3M hasn’t actually fallen on hard times, but it is no longer the growth machine of yesteryear. Annual sales crossed the $30bn threshold back in 2013 and for the year just about to end analysts expect less than $32bn. Something similar has happened to pre-tax profit. That line in the income statement went through $7bn in 2014. The figure peaked at $7.5bn in 2017 but analysts expect just $6.2bn for 2023. Thus 3M’s figures in the table under the sub-heading ‘Annualised 5-year growth’ are disappointing. These are not growth rates per se, but a measure of annualised change over the previous 20 quarters and they show 3M in a poor light compared with the other nine highlighted companies.

Despite the corporate torpor, 3M remains highly profitable. On average, profit margins have been above 20 per cent for the past five years.

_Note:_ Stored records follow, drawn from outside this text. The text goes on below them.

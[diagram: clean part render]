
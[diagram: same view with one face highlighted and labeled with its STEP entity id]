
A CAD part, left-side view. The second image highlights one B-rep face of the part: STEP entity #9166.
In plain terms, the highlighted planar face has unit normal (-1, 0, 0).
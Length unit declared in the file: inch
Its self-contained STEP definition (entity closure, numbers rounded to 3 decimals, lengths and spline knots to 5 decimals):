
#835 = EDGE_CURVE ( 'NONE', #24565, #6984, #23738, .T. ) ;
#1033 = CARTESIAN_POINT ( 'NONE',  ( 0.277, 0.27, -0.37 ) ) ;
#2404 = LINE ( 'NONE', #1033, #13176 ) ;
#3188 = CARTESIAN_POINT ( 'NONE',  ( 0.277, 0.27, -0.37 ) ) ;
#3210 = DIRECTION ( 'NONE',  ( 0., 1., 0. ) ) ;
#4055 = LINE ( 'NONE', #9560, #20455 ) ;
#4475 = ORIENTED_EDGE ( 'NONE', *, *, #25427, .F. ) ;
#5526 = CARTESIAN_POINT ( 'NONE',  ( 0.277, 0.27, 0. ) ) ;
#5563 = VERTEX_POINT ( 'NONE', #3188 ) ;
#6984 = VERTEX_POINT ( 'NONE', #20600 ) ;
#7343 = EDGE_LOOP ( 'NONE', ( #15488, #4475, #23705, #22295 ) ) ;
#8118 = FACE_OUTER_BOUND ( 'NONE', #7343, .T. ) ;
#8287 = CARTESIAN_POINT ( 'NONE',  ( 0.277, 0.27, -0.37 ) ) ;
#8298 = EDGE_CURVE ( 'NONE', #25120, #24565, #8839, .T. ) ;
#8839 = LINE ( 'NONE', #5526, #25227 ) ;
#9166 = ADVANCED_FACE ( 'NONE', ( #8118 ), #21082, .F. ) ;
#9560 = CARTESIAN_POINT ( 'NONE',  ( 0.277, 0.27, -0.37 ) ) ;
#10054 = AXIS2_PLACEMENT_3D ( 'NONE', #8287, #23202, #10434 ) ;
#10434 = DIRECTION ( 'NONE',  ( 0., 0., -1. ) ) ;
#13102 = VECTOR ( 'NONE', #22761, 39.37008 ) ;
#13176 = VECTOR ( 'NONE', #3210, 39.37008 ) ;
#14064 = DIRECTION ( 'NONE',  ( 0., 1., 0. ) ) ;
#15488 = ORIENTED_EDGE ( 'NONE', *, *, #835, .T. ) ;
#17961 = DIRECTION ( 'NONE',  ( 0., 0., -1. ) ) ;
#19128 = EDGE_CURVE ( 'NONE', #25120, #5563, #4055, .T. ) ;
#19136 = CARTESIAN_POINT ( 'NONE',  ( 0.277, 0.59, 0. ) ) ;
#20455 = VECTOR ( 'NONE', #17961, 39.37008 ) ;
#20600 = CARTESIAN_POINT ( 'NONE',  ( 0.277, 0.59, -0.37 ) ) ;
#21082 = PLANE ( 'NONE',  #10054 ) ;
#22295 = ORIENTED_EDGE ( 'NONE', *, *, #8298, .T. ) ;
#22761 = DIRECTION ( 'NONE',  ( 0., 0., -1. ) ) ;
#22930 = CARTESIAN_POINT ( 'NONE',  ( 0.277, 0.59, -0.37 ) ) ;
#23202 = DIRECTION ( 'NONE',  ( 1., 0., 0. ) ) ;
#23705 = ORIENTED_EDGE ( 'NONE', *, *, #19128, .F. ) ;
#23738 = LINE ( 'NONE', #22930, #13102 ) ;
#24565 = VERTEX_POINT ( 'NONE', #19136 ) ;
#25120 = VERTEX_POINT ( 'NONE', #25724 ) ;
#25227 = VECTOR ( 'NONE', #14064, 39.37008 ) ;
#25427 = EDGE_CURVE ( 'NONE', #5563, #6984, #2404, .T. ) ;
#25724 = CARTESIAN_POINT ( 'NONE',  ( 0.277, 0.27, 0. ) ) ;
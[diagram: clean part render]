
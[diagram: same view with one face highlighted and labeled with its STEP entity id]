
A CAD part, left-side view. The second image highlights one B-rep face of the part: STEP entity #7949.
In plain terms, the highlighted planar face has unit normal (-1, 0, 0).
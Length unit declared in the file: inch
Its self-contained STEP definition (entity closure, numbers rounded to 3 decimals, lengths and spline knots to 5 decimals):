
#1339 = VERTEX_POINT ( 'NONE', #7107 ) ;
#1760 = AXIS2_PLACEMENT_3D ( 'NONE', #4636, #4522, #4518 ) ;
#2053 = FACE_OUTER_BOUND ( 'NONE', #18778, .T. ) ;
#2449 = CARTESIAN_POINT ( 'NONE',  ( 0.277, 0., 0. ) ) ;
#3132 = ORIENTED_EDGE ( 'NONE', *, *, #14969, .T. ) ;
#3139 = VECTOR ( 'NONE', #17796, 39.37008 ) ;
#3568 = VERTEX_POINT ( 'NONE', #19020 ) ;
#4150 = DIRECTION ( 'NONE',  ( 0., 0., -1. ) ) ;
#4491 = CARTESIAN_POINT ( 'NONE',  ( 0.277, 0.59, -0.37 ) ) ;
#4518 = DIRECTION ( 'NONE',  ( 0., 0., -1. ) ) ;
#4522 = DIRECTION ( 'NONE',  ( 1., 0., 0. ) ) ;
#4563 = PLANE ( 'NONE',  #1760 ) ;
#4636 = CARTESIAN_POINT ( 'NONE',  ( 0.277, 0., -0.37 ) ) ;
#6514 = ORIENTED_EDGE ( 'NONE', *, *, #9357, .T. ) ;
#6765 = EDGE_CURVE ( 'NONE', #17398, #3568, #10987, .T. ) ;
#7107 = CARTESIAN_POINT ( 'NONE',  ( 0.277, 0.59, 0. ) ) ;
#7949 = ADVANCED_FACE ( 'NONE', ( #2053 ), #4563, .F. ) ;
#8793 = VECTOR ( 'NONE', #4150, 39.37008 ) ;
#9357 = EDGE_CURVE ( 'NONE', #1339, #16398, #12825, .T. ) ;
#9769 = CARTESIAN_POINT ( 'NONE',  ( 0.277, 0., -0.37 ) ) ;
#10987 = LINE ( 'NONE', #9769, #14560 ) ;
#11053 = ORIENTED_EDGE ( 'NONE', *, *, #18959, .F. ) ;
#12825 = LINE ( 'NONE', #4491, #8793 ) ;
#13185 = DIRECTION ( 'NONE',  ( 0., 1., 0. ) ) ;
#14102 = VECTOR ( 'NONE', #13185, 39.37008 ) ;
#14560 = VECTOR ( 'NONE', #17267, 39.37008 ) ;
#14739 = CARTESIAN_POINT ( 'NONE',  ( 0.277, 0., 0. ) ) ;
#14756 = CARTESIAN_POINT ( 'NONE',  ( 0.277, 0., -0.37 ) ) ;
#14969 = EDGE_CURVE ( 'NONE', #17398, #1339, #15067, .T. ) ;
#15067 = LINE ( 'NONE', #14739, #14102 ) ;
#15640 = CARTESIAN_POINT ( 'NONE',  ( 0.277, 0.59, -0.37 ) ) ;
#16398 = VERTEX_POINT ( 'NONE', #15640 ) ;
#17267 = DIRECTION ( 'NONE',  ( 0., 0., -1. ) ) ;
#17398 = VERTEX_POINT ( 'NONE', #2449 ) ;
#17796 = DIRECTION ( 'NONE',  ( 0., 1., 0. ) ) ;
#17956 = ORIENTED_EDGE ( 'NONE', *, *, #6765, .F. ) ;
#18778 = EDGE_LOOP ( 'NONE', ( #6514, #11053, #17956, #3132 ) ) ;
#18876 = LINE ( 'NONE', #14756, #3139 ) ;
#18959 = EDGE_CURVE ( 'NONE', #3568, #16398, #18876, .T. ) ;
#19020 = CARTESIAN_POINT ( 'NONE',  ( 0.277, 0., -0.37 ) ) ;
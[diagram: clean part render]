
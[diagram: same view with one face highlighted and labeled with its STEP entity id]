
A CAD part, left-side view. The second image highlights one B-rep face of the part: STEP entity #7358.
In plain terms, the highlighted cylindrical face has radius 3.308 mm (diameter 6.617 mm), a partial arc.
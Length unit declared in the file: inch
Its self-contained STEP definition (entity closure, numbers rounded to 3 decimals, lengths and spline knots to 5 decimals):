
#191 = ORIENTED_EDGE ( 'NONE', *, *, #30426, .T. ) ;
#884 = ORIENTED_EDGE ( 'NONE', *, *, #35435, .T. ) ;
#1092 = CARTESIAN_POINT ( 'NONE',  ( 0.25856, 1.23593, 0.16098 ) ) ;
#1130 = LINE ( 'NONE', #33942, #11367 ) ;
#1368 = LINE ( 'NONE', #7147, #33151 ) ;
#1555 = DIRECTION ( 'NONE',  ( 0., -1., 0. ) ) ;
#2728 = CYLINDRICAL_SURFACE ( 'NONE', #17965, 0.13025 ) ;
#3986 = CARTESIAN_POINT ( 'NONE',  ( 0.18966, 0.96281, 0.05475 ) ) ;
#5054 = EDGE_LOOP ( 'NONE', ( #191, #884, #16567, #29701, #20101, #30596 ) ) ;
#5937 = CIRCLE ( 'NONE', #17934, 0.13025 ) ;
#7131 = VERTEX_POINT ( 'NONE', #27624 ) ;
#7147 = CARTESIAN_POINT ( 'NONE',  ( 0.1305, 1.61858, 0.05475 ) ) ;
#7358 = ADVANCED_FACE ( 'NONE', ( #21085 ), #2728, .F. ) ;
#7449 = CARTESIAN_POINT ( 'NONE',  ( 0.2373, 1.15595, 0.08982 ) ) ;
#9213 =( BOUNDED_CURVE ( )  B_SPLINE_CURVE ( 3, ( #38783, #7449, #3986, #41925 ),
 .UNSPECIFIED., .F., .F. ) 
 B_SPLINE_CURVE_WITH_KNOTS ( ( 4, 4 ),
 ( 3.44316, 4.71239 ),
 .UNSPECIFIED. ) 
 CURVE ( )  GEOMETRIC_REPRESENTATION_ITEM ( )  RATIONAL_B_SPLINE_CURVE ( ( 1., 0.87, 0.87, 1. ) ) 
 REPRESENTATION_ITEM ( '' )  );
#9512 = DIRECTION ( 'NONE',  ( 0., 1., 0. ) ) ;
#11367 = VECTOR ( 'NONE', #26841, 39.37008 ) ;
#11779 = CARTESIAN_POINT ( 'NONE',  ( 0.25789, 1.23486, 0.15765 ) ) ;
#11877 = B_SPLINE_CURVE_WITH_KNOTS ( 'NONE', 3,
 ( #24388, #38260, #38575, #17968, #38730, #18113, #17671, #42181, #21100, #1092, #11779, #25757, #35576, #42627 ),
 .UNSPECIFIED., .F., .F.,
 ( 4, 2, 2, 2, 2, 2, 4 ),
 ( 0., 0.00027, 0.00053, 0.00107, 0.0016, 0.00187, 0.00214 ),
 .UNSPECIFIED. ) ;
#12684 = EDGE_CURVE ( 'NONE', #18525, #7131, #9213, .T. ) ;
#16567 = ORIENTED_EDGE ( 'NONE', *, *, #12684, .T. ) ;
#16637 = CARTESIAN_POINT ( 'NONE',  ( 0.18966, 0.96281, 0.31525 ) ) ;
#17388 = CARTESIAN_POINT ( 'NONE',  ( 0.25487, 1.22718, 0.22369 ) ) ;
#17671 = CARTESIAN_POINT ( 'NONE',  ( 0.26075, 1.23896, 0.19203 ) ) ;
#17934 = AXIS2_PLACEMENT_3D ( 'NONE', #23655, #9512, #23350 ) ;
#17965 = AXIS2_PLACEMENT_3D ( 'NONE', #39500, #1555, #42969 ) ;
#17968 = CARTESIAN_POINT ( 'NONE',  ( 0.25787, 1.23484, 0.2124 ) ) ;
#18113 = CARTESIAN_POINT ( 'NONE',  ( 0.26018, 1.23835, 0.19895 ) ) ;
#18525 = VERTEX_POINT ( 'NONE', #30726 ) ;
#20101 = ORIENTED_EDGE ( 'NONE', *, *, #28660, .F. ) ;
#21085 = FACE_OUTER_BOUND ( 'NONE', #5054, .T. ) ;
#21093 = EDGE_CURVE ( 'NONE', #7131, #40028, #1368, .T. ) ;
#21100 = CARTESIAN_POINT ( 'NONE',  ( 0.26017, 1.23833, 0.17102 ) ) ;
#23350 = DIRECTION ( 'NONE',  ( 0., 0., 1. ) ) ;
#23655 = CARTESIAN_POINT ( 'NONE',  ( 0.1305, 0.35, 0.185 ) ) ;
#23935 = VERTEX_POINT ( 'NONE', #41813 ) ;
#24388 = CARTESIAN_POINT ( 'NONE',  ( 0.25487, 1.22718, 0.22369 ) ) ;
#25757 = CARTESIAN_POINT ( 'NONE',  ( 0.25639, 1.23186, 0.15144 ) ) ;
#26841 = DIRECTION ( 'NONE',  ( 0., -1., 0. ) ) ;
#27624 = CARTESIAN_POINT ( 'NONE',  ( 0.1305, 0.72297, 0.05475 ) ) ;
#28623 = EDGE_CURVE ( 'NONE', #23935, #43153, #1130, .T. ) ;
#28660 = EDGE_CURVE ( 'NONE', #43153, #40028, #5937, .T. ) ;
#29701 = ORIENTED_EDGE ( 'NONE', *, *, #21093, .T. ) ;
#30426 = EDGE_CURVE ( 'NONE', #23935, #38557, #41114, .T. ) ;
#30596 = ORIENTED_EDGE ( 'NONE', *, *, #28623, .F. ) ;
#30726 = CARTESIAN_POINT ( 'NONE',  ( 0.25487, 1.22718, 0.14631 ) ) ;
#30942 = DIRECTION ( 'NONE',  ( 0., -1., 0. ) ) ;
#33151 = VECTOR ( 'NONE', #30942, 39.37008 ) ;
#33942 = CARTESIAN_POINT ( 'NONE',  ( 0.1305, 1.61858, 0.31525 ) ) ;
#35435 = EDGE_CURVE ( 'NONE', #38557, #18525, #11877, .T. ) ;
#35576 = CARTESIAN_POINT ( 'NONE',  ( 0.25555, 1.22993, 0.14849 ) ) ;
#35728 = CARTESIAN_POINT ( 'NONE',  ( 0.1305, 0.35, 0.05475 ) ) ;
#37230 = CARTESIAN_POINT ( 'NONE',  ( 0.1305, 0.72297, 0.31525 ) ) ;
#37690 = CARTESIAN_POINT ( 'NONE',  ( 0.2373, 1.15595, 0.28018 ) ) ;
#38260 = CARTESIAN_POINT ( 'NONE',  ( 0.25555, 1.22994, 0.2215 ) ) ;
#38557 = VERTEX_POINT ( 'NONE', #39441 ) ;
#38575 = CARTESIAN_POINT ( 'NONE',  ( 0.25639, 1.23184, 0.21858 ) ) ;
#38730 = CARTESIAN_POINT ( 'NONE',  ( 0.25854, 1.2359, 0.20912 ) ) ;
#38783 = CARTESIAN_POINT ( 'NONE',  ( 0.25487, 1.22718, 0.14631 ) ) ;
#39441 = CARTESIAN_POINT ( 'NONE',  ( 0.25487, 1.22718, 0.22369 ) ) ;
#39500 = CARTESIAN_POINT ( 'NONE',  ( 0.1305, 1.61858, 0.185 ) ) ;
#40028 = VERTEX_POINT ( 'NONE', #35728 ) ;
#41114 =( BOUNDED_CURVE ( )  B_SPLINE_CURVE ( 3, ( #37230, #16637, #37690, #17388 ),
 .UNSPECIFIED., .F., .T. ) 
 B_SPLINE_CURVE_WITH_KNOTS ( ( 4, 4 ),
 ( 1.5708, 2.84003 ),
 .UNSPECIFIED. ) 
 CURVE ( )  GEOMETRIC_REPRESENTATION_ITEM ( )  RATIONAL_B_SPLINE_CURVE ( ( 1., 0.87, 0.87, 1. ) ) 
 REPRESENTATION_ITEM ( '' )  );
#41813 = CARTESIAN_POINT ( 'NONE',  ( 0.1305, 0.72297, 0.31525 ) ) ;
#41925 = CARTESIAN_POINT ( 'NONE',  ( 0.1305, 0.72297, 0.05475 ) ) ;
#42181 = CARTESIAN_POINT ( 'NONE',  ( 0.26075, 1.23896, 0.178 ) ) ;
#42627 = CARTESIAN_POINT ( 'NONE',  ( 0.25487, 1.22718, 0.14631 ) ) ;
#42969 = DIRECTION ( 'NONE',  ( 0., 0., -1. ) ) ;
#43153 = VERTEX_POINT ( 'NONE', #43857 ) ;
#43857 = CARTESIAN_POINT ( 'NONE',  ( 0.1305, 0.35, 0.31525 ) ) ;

Granted, the margin fell to 12 per cent in 2022 and one-off charges relating to a $6bn settlement of a lawsuit over defective ear plugs used by the US military will wreck the headline margin in 2023. But in 2023’s third quarter, the underlying margin was 23 per cent and Wall Street analysts expect something just above 20 per cent in 2024.

That its share rating – as measured by the multiple of its share price to forecast earnings – is the lowest of the 10 and its prospective yield the highest arguably says more about 3M’s relegation to value stock status than its recovery potential. True, its bosses are pushing Wall Street analysts towards the top end of their earnings guidance for 2023 and there have been minor signs of shareholders getting restless, but neither factor has ignited the share price. All of which makes me think that if I took a holding in 3M it would be more for its past than for its likely future achievements.

Then again that is almost a generic comment when directed towards companies with the status of ‘dividend aristocrats’. None will ever again grow as fast as it did in its heyday; yet none will quickly fade into oblivion. That comment even applies to ExxonMobil (US:XOM), once the world’s biggest company as measured by stock market value and still its biggest quoted oil company.

In a world supposedly heading for net zero, Exxon’s future should be in doubt. Yet the $77bn pre-tax profit it chalked up in 2022 was the second-biggest in its 112-year history (behind 2008’s $84bn), in large part due to the effects of Russia’s invasion of Ukraine. But 2023 has been pretty good, too. Analysts expect something over $9 in earnings per share, which – apart from 2022 – would be the best since 2012.

Partly, these amounts vindicate Exxon’s bosses, who stuck to a CO2 emissions-rich strategy with relative conviction while the western world’s other integrated oil majors pretended they had no dealings with hydro-carbons. In return for aligning with the reality of a world that still runs on burning fossil fuels, Exxon might have lost the PR battle, but is winning the war for share price gains. At almost $105, its share price is 87 per cent of its five-year high, which is 12 percentage points higher than the average of the S&P dividend aristocrats.

Yet look down the rows of data for the 10 picked out in the table and there is no clear winner. All have plus points and shortcomings. For instance, International Flavors & Fragrances (US:IFF), a global leader in supplying the food and cosmetics industries, is the only one with decent share price momentum. Quite likely that’s because investors increasingly believe the group is in recovery mode following a botched merger in 2020. But its dividend cover is also the weakest and that won’t markedly change until 2025.

So maybe the intuitive thought is the best one – initially put a lump of capital into the Dividend Aristocrats ETF, then siphon that into individual stocks when an assessment comes into focus. To be resumed shortly.